Lucas Vazquez se cayó el suelo como si le hubieran disparado de la grada. Formula excelentemente siempre la función de un penal. Un Benatia que no daba crédito y… Buffon.

Fue el que mejor vió el penalti  de todos los mortales. Y explotó como el Vesuvio, hasta la guillotina de la roja. Me inclino a pensar que no lo fue, porque el que mejor  vio el trance se puso como el condenado a muerte por una decisión injusta. El criminal fue otro. Mister Olivier pasará a los anales de la historia de la Champión, como el “hombre que mató al histórico Buffon segundos antes de un  final y de penalti”. Los gritos de injusticia de los italianos se oirán desde Torino. Hay una frase  muy italiana: ”bestemmiare como un turco” (maldecir como un turco).

No se libra el pecado original italiano del miedo a perder. Llegada su gesta de empatar la eliminatoria, una gesta histórica y una vergüenza mayúscula para el peor entrenador táctico que ha tenido el Madrid en los últimos cuarenta años. Sin embargo, cuando la Juve tenía al Madrid con tres golpes de K.O., cuando un gol más valía doble se fue atrás cobardemente. Y tenía al genio de Zidane aturdido en la lona y sin casi poder levantarse y con la más humillante eliminación de su historia.

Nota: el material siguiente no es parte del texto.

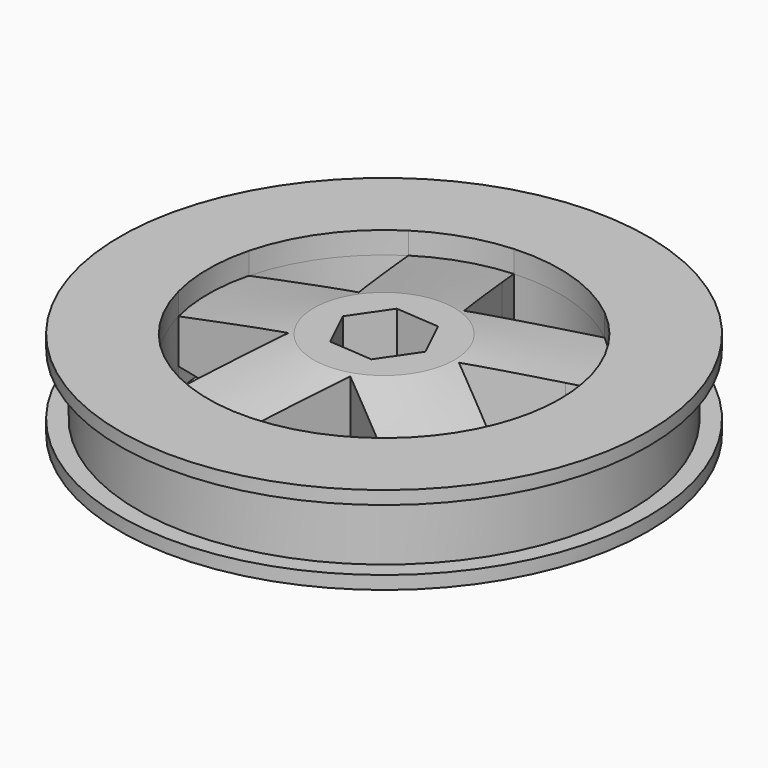
from build123d import *

# Parameters (mm, degrees)
F0_W     = 1.27
F0_H     = 2.2225
F0_W_2   = 7.62
F0_H_2   = 1.5875
F3_DEPTH = 25.4
F6_DEPTH = 6.35


# Not quite as in the source:
# - after a boolean that leaves OpenCascade's solid faulty, fix() repairs it


with BuildPart() as f1:
    # F0 (on Front) → F1 (revolve)
    with BuildSketch(Plane.XZ):
        with Locations((-59.9352485356, 1.11125)):
            Rectangle(F0_W, F0_H)
        with Locations((-59.9352485356, 3.33375)):
            Rectangle(F0_W, F0_H)
        Polygon((-22.4702485356, 5.3975), (-28.8202485356, 5.3975), (-28.8202485356, 3.81), (-28.8202485356, 2.2225), (-22.4702485356, 2.2225), align=None)
        with Locations((-32.6302485356, 3.01625)):
            Rectangle(F0_W_2, F0_H_2)
        Polygon((-36.4402485356, 3.81), (-28.8202485356, 3.81), (-36.4402485356, 5.3975), align=None)
        Polygon((-22.4702485356, -0.9525), (-22.4702485356, 2.2225), (-28.8202485356, 2.2225), (-28.8202485356, 0.635), (-28.8202485356, -0.9525), align=None)
        with Locations((-32.6302485356, 1.42875)):
            Rectangle(F0_W_2, F0_H_2)
        Polygon((-36.4402485356, 2.2225), (-36.4402485356, 3.81), (-36.4402485356, 5.3975), (-38.3452485356, 5.3975), (-38.3452485356, 2.2225), align=None)
        Polygon((-36.4402485356, -0.9525), (-28.8202485356, 0.635), (-36.4402485356, 0.635), align=None)
        Polygon((-36.4402485356, 0.635), (-36.4402485356, 2.2225), (-38.3452485356, 2.2225), (-38.3452485356, -0.9525), (-36.4402485356, -0.9525), align=None)
    revolve(axis=Axis((-41.5202485356, 0, 2.0941267129), (0, 0, 1)))

    add(f1.part.fix(), mode=Mode.REPLACE)

    # F2 (on face) → F3 (cut)
    with BuildSketch(Plane.XY.offset(5.3975)):
        with BuildLine():
            Line((-41.7123280121, 10.8656756712), (-34.9781690591, 8.6776147898))
            Line((-34.9781690591, 8.6776147898), (-33.438209538, 9.7964608733))
            ThreePointArc((-33.438209538, 9.7964608733), (-37.595732707, 12.0784177569), (-42.3005402078, 12.6760066624))
            Line((-42.3005402078, 12.6760066624), (-41.7123280121, 10.8656756712))
        make_face()
        Polygon((-39.8510522546, 5.1372579143), (-34.9781690591, 8.6776147898), (-41.7123280121, 10.8656756712), align=None)
        with BuildLine():
            Line((-51.9134760092, 3.175), (-47.7515368906, 8.9034177569))
            Line((-47.7515368906, 8.9034177569), (-48.3397490863, 10.7137487482))
            ThreePointArc((-48.3397490863, 10.7137487482), (-51.7947643642, 7.4648727041), (-53.8169706598, 3.175))
            Line((-53.8169706598, 3.175), (-51.9134760092, 3.175))
        make_face()
        Polygon((-45.8902611331, 3.175), (-47.7515368906, 8.9034177569), (-51.9134760092, 3.175), align=None)
        with BuildLine():
            Line((-48.3397490863, -10.7137487482), (-47.7515368906, -8.9034177569))
            Line((-47.7515368906, -8.9034177569), (-51.9134760092, -3.175))
            Line((-51.9134760092, -3.175), (-53.8169706598, -3.175))
            ThreePointArc((-53.8169706598, -3.175), (-51.7947643642, -7.4648727041), (-48.3397490863, -10.7137487482))
        make_face()
        Polygon((-51.9134760092, -3.175), (-47.7515368906, -8.9034177569), (-45.8902611331, -3.175), align=None)
        Polygon((-41.7123280121, -10.8656756712), (-34.9781690591, -8.6776147898), (-39.8510522546, -5.1372579143), align=None)
        with BuildLine():
            Line((-33.438209538, -9.7964608733), (-34.9781690591, -8.6776147898))
            Line((-34.9781690591, -8.6776147898), (-41.7123280121, -10.8656756712))
            Line((-41.7123280121, -10.8656756712), (-42.3005402078, -12.6760066624))
            ThreePointArc((-42.3005402078, -12.6760066624), (-37.595732707, -12.0784177569), (-33.438209538, -9.7964608733))
        make_face()
        Polygon((-31.245732707, -3.5403568756), (-31.245732707, 3.5403568756), (-36.1186159026, 0), align=None)
        with BuildLine():
            Line((-29.705773186, 4.659202959), (-31.245732707, 3.5403568756))
            Line((-31.245732707, 3.5403568756), (-31.245732707, -3.5403568756))
            Line((-31.245732707, -3.5403568756), (-29.705773186, -4.659202959))
            ThreePointArc((-29.705773186, -4.659202959), (-29.0435935965, -2.3713037616), (-28.8202485356, 0))
            ThreePointArc((-28.8202485356, 0), (-29.0435935965, 2.3713037616), (-29.705773186, 4.659202959))
        make_face()
    extrude(amount=-F3_DEPTH, mode=Mode.SUBTRACT)

    # F0 (on Front) → F4 (revolve, cut)
    with BuildSketch(Plane.XZ):
        with Locations((-59.9352485356, 3.33375)):
            Rectangle(F0_W, F0_H)
        with Locations((-59.9352485356, 1.11125)):
            Rectangle(F0_W, F0_H)
    revolve(axis=Axis((-41.5202485356, 0, 2.0941267129), (0, 0, 1)), mode=Mode.SUBTRACT)

    add(f1.part.fix(), mode=Mode.REPLACE)

    # F5 (on face) → F6 (join)
    with BuildSketch(Plane.XY.offset(5.3975)):
        with BuildLine():
            Line((-44.6860680874, 0.2412707303), (-42.8942117298, 2.8623155208))
            ThreePointArc((-42.8942117298, 2.8623155208), (-44.1412933261, 1.7918563576), (-44.6860680874, 0.2412707303))
        make_face()
        with BuildLine():
            Line((-43.3121048932, -2.6210447905), (-44.6860680874, 0.2412707303))
            ThreePointArc((-44.6860680874, 0.2412707303), (-44.3825640564, -1.3739631943), (-43.3121048932, -2.6210447905))
        make_face()
        with BuildLine():
            ThreePointArc((-43.3121048932, -2.6210447905), (-41.7615192659, -3.1658195518), (-40.1462853413, -2.8623155208))
            Line((-40.1462853413, -2.8623155208), (-43.3121048932, -2.6210447905))
        make_face()
        with BuildLine():
            ThreePointArc((-40.1462853413, -2.8623155208), (-38.8992037451, -1.7918563576), (-38.3544289838, -0.2412707303))
            Line((-38.3544289838, -0.2412707303), (-40.1462853413, -2.8623155208))
        make_face()
        with BuildLine():
            ThreePointArc((-38.3544289838, -0.2412707303), (-38.3475444778, -0.1207226635), (-38.3452485356, 0))
            ThreePointArc((-38.3452485356, 0), (-38.7122448911, 1.4818031355), (-39.728392178, 2.6210447905))
            Line((-39.728392178, 2.6210447905), (-38.3544289838, -0.2412707303))
        make_face()
        with BuildLine():
            Line((-42.8942117298, 2.8623155208), (-39.728392178, 2.6210447905))
            ThreePointArc((-39.728392178, 2.6210447905), (-41.2789778053, 3.1658195518), (-42.8942117298, 2.8623155208))
        make_face()
    extrude(amount=-F6_DEPTH)


solid = f1.part

Zidane sólo sacó a Bale para parar a Alex Sandro. Nunca se le escapó, pero vivió así de mortificado y por la derecha, como castigo. Lo cambió por Lucas Vázquez y a la primera se escapó el tal Alex. Y por el lado derecho, sin salida, porque el “caballo loco” de Carvajal se perdía en la inmensidad ofensiva. Hay que ser como es  Zidane para no saber  que la Juve siempre hace lo mismo, centro al segundo palo del lateral derecho por Sciglio y remate de cabeza de Mandzucic. Pone a Carvajal para saltar con el gigante, cuando le saca treinta  centímetros. Dos goles le costó al Madrid el dolo, con la colaboración de ese pésimo meta que es Keylor Navas, que no sabe salir nunca y que encima regaló el tercero. Por no hablar del sistema de salida de “galápagos” típico de Zidane, con Isco como tortuga mayor del reino madridista. Una ignominia.

Muchos madridistas se rieron del Barça. Han acabado entre lágrimas, entre sollozos. Esos lloros de alegría, cuando lo tenías todo perdido. Y la comparación con Valverde no es homologable. El Barça perdió fuera de casa y el Madrid estaba en Chamartín, cantando tarantelas. Increíble. Me dio mucha vergüenza.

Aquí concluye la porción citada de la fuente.